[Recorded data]

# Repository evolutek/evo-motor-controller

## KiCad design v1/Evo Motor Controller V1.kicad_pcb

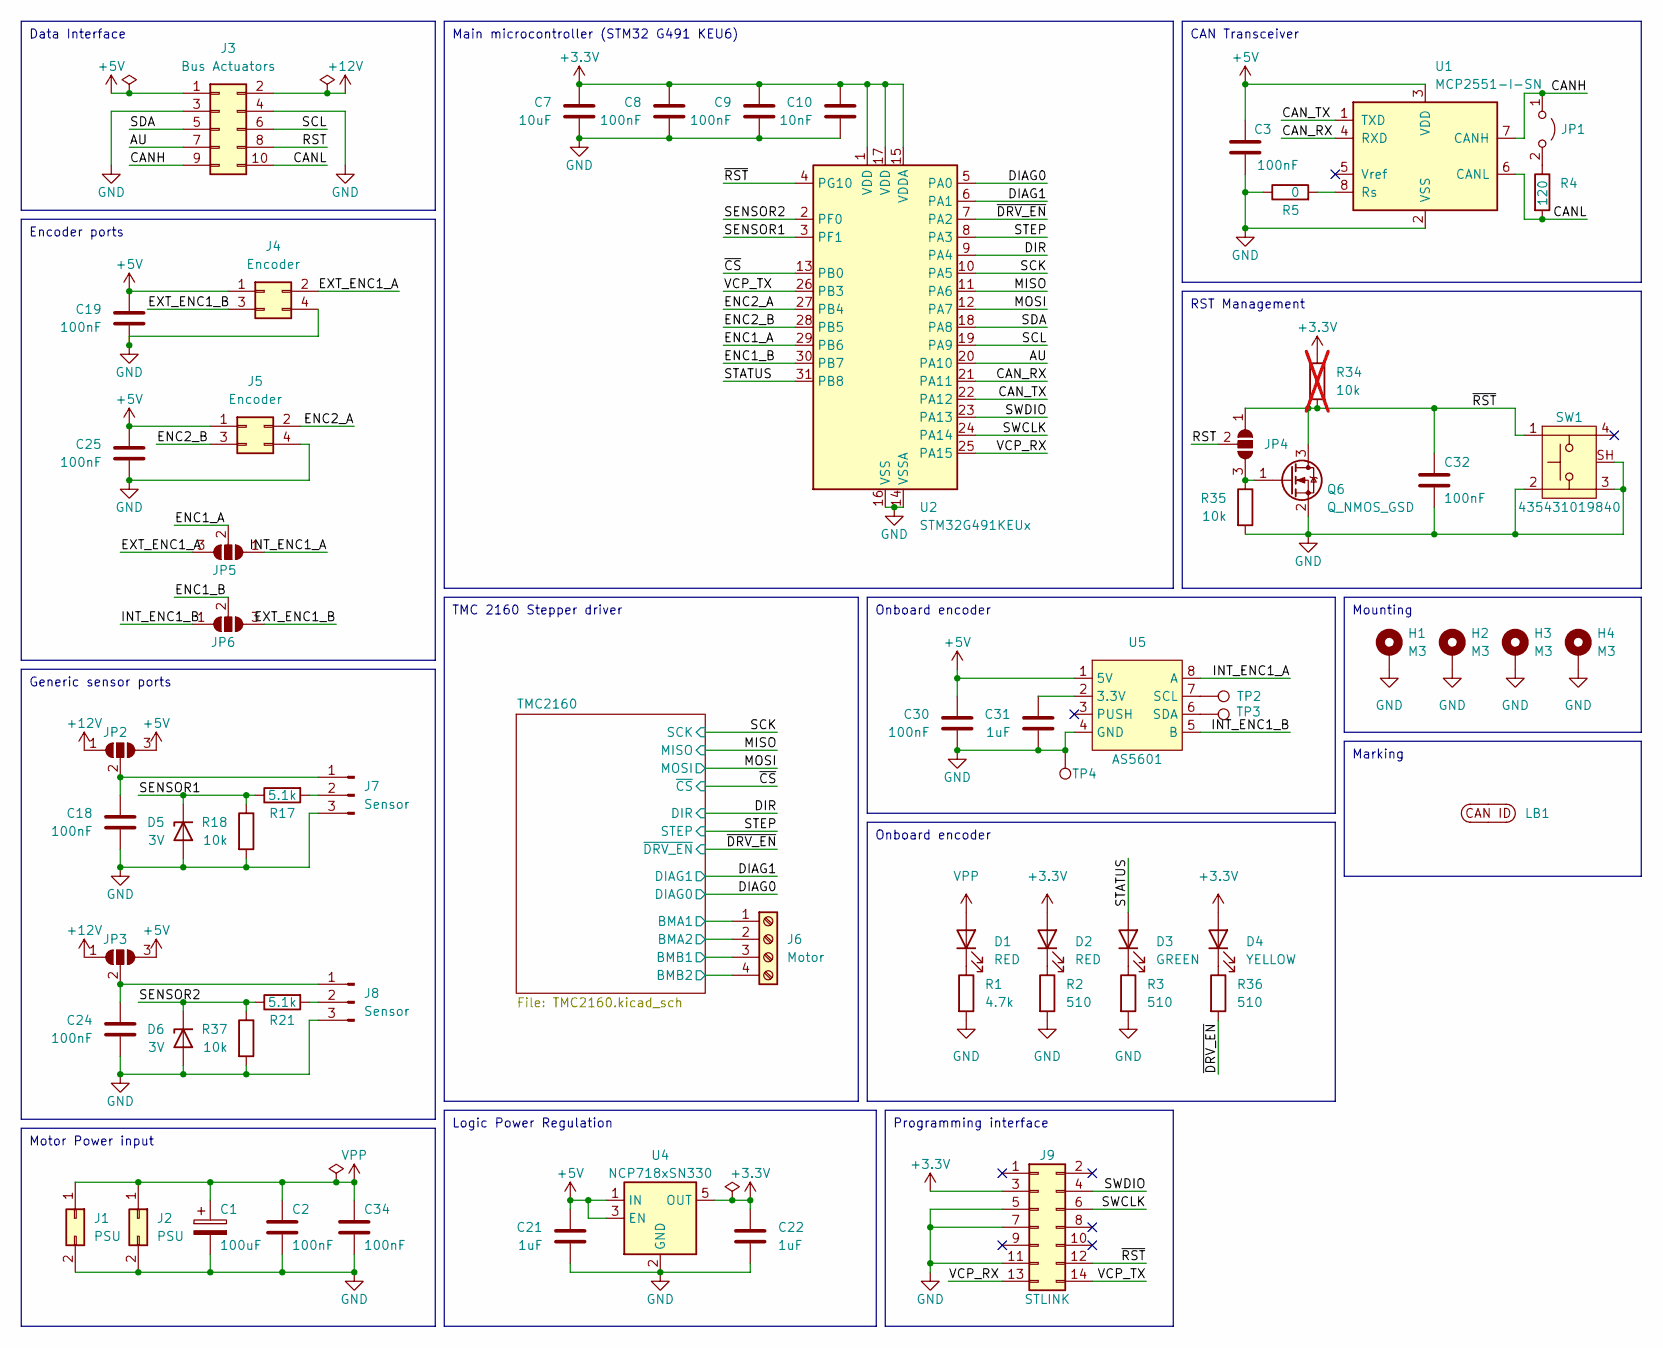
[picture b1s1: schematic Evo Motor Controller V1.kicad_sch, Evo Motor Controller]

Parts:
C1: 100uF; CP_Elec_6.3x7.7
C2, C3, C8, C9, C18, C19, C24, C25, C30, C32, C34: 100nF; C_0603_1608Metric
C7: 10uF; C_0603_1608Metric
C10: 10nF; C_0603_1608Metric
C21, C22, C31: 1uF; C_0603_1608Metric
D1, D2: RED; LED_0805_2012Metric
D3: GREEN; LED_0805_2012Metric
D4: YELLOW; LED_0805_2012Metric
D5, D6: 3V; D_SOD-523
H1, H2, H3, H4: M3; MountingHole_3.2mm_M3_Pad_Via
J1, J2: PSU; 66200221022
J3: Bus Actuators; 690367281076
J4, J5: Encoder; B04B-PASK
J6: Motor; PhoenixContact_MC_1,5_4-G-3.5_1x04_P3.50mm_Horizontal
J7, J8: Sensor; B03B-PASK
J9: STLINK; 62701420621
JP1: Jumper_2_Open; SolderJumper-2_P1.3mm_Open_RoundedPad1.0x1.5mm
JP2, JP3, JP4, JP5, JP6: SolderJumper_3_Open; SolderJumper-3_P1.3mm_Open_RoundedPad1.0x1.5mm
LB1: CAN ID Label 2
Q6: Q_NMOS_GSD; SOT-23
R1: 4.7k; R_0603_1608Metric
R2, R3, R36: 510; R_0603_1608Metric
R4: 120; R_0603_1608Metric
R5: 0; R_0603_1608Metric
R17, R21: 5.1k; R_0603_1608Metric
R18, R35, R37: 10k; R_0603_1608Metric
R34: 10k; R_0603_1608Metric; not fitted
SW1: 435431019840
TP2, TP3, TP4: TestPoint; TestPoint_Pad_D1.0mm
U1: MCP2551-I-SN; SOIC-8_3.9x4.9mm_P1.27mm
U2: STM32G491KEUx; QFN-32-1EP_5x5mm_P0.5mm_EP3.45x3.45mm-Without thermal pad
U4: NCP718xSN330; SOT-23-5
U5: AS5601; SOIC-8_3.9x4.9mm_P1.27mm

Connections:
+3.3V: C7.1, C8.1, C9.1, C10.1, C22.1, D2.2 (A), D4.2 (A), J9.3, R34.1, U2.1 (VDD), U2.15 (VDDA), U2.17 (VDD), U4.5 (OUT); also elsewhere on the board
+5V: C3.1, C19.1, C21.1, C25.1, C30.1, J3.1, J4.1, J5.1, JP2.3 (B), JP3.3 (B), U1.3 (VDD), U4.1 (IN), U4.3 (EN), U5.1 (5V)
+12V: J3.2, JP2.1 (A), JP3.1 (A); also elsewhere on the board
/AU: J3.7, U2.20 (PA10)
/CANH: J3.9, JP1.1 (A), U1.7 (CANH)
/CANL: J3.10, R4.2, U1.6 (CANL)
/CAN_RX: U1.4 (RXD), U2.21 (PA11)
/CAN_TX: U1.1 (TXD), U2.22 (PA12)
/DIAG0: U2.5 (PA0); also elsewhere on the board
/DIAG1: U2.6 (PA1); also elsewhere on the board
/DIR: U2.9 (PA4); also elsewhere on the board
/ENC1_A: JP5.2 (C), U2.29 (PB6)
/ENC1_B: JP6.2 (C), U2.30 (PB7)
/ENC2_A: J5.2, U2.27 (PB4)
/ENC2_B: J5.3, U2.28 (PB5)
/EXT_ENC1_A: J4.2, JP5.3 (B)
/EXT_ENC1_B: J4.3, JP6.3 (B)
/INT_ENC1_A: JP5.1 (A), U5.8 (A)
/INT_ENC1_B: JP6.1 (A), U5.5 (B)
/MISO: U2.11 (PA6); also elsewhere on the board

* _EXERCISE GOAL_: Go through the entries and retype them exactly, except for the images.

* _RESULT BELOW_:
# Repository evolutek/evo-motor-controller

## KiCad design v1/Evo Motor Controller V1.kicad_pcb

[picture b1s1: schematic Evo Motor Controller V1.kicad_sch, Evo Motor Controller]

Parts:
C1: 100uF; CP_Elec_6.3x7.7
C2, C3, C8, C9, C18, C19, C24, C25, C30, C32, C34: 100nF; C_0603_1608Metric
C7: 10uF; C_0603_1608Metric
C10: 10nF; C_0603_1608Metric
C21, C22, C31: 1uF; C_0603_1608Metric
D1, D2: RED; LED_0805_2012Metric
D3: GREEN; LED_0805_2012Metric
D4: YELLOW; LED_0805_2012Metric
D5, D6: 3V; D_SOD-523
H1, H2, H3, H4: M3; MountingHole_3.2mm_M3_Pad_Via
J1, J2: PSU; 66200221022
J3: Bus Actuators; 690367281076
J4, J5: Encoder; B04B-PASK
J6: Motor; PhoenixContact_MC_1,5_4-G-3.5_1x04_P3.50mm_Horizontal
J7, J8: Sensor; B03B-PASK
J9: STLINK; 62701420621
JP1: Jumper_2_Open; SolderJumper-2_P1.3mm_Open_RoundedPad1.0x1.5mm
JP2, JP3, JP4, JP5, JP6: SolderJumper_3_Open; SolderJumper-3_P1.3mm_Open_RoundedPad1.0x1.5mm
LB1: CAN ID Label 2
Q6: Q_NMOS_GSD; SOT-23
R1: 4.7k; R_0603_1608Metric
R2, R3, R36: 510; R_0603_1608Metric
R4: 120; R_0603_1608Metric
R5: 0; R_0603_1608Metric
R17, R21: 5.1k; R_0603_1608Metric
R18, R35, R37: 10k; R_0603_1608Metric
R34: 10k; R_0603_1608Metric; not fitted
SW1: 435431019840
TP2, TP3, TP4: TestPoint; TestPoint_Pad_D1.0mm
U1: MCP2551-I-SN; SOIC-8_3.9x4.9mm_P1.27mm
U2: STM32G491KEUx; QFN-32-1EP_5x5mm_P0.5mm_EP3.45x3.45mm-Without thermal pad
U4: NCP718xSN330; SOT-23-5
U5: AS5601; SOIC-8_3.9x4.9mm_P1.27mm

Connections:
+3.3V: C7.1, C8.1, C9.1, C10.1, C22.1, D2.2 (A), D4.2 (A), J9.3, R34.1, U2.1 (VDD), U2.15 (VDDA), U2.17 (VDD), U4.5 (OUT); also elsewhere on the board
+5V: C3.1, C19.1, C21.1, C25.1, C30.1, J3.1, J4.1, J5.1, JP2.3 (B), JP3.3 (B), U1.3 (VDD), U4.1 (IN), U4.3 (EN), U5.1 (5V)
+12V: J3.2, JP2.1 (A), JP3.1 (A); also elsewhere on the board
/AU: J3.7, U2.20 (PA10)
/CANH: J3.9, JP1.1 (A), U1.7 (CANH)
/CANL: J3.10, R4.2, U1.6 (CANL)
/CAN_RX: U1.4 (RXD), U2.21 (PA11)
/CAN_TX: U1.1 (TXD), U2.22 (PA12)
/DIAG0: U2.5 (PA0); also elsewhere on the board
/DIAG1: U2.6 (PA1); also elsewhere on the board
/DIR: U2.9 (PA4); also elsewhere on the board
/ENC1_A: JP5.2 (C), U2.29 (PB6)
/ENC1_B: JP6.2 (C), U2.30 (PB7)
/ENC2_A: J5.2, U2.27 (PB4)
/ENC2_B: J5.3, U2.28 (PB5)
/EXT_ENC1_A: J4.2, JP5.3 (B)
/EXT_ENC1_B: J4.3, JP6.3 (B)
/INT_ENC1_A: JP5.1 (A), U5.8 (A)
/INT_ENC1_B: JP6.1 (A), U5.5 (B)
/MISO: U2.11 (PA6); also elsewhere on the board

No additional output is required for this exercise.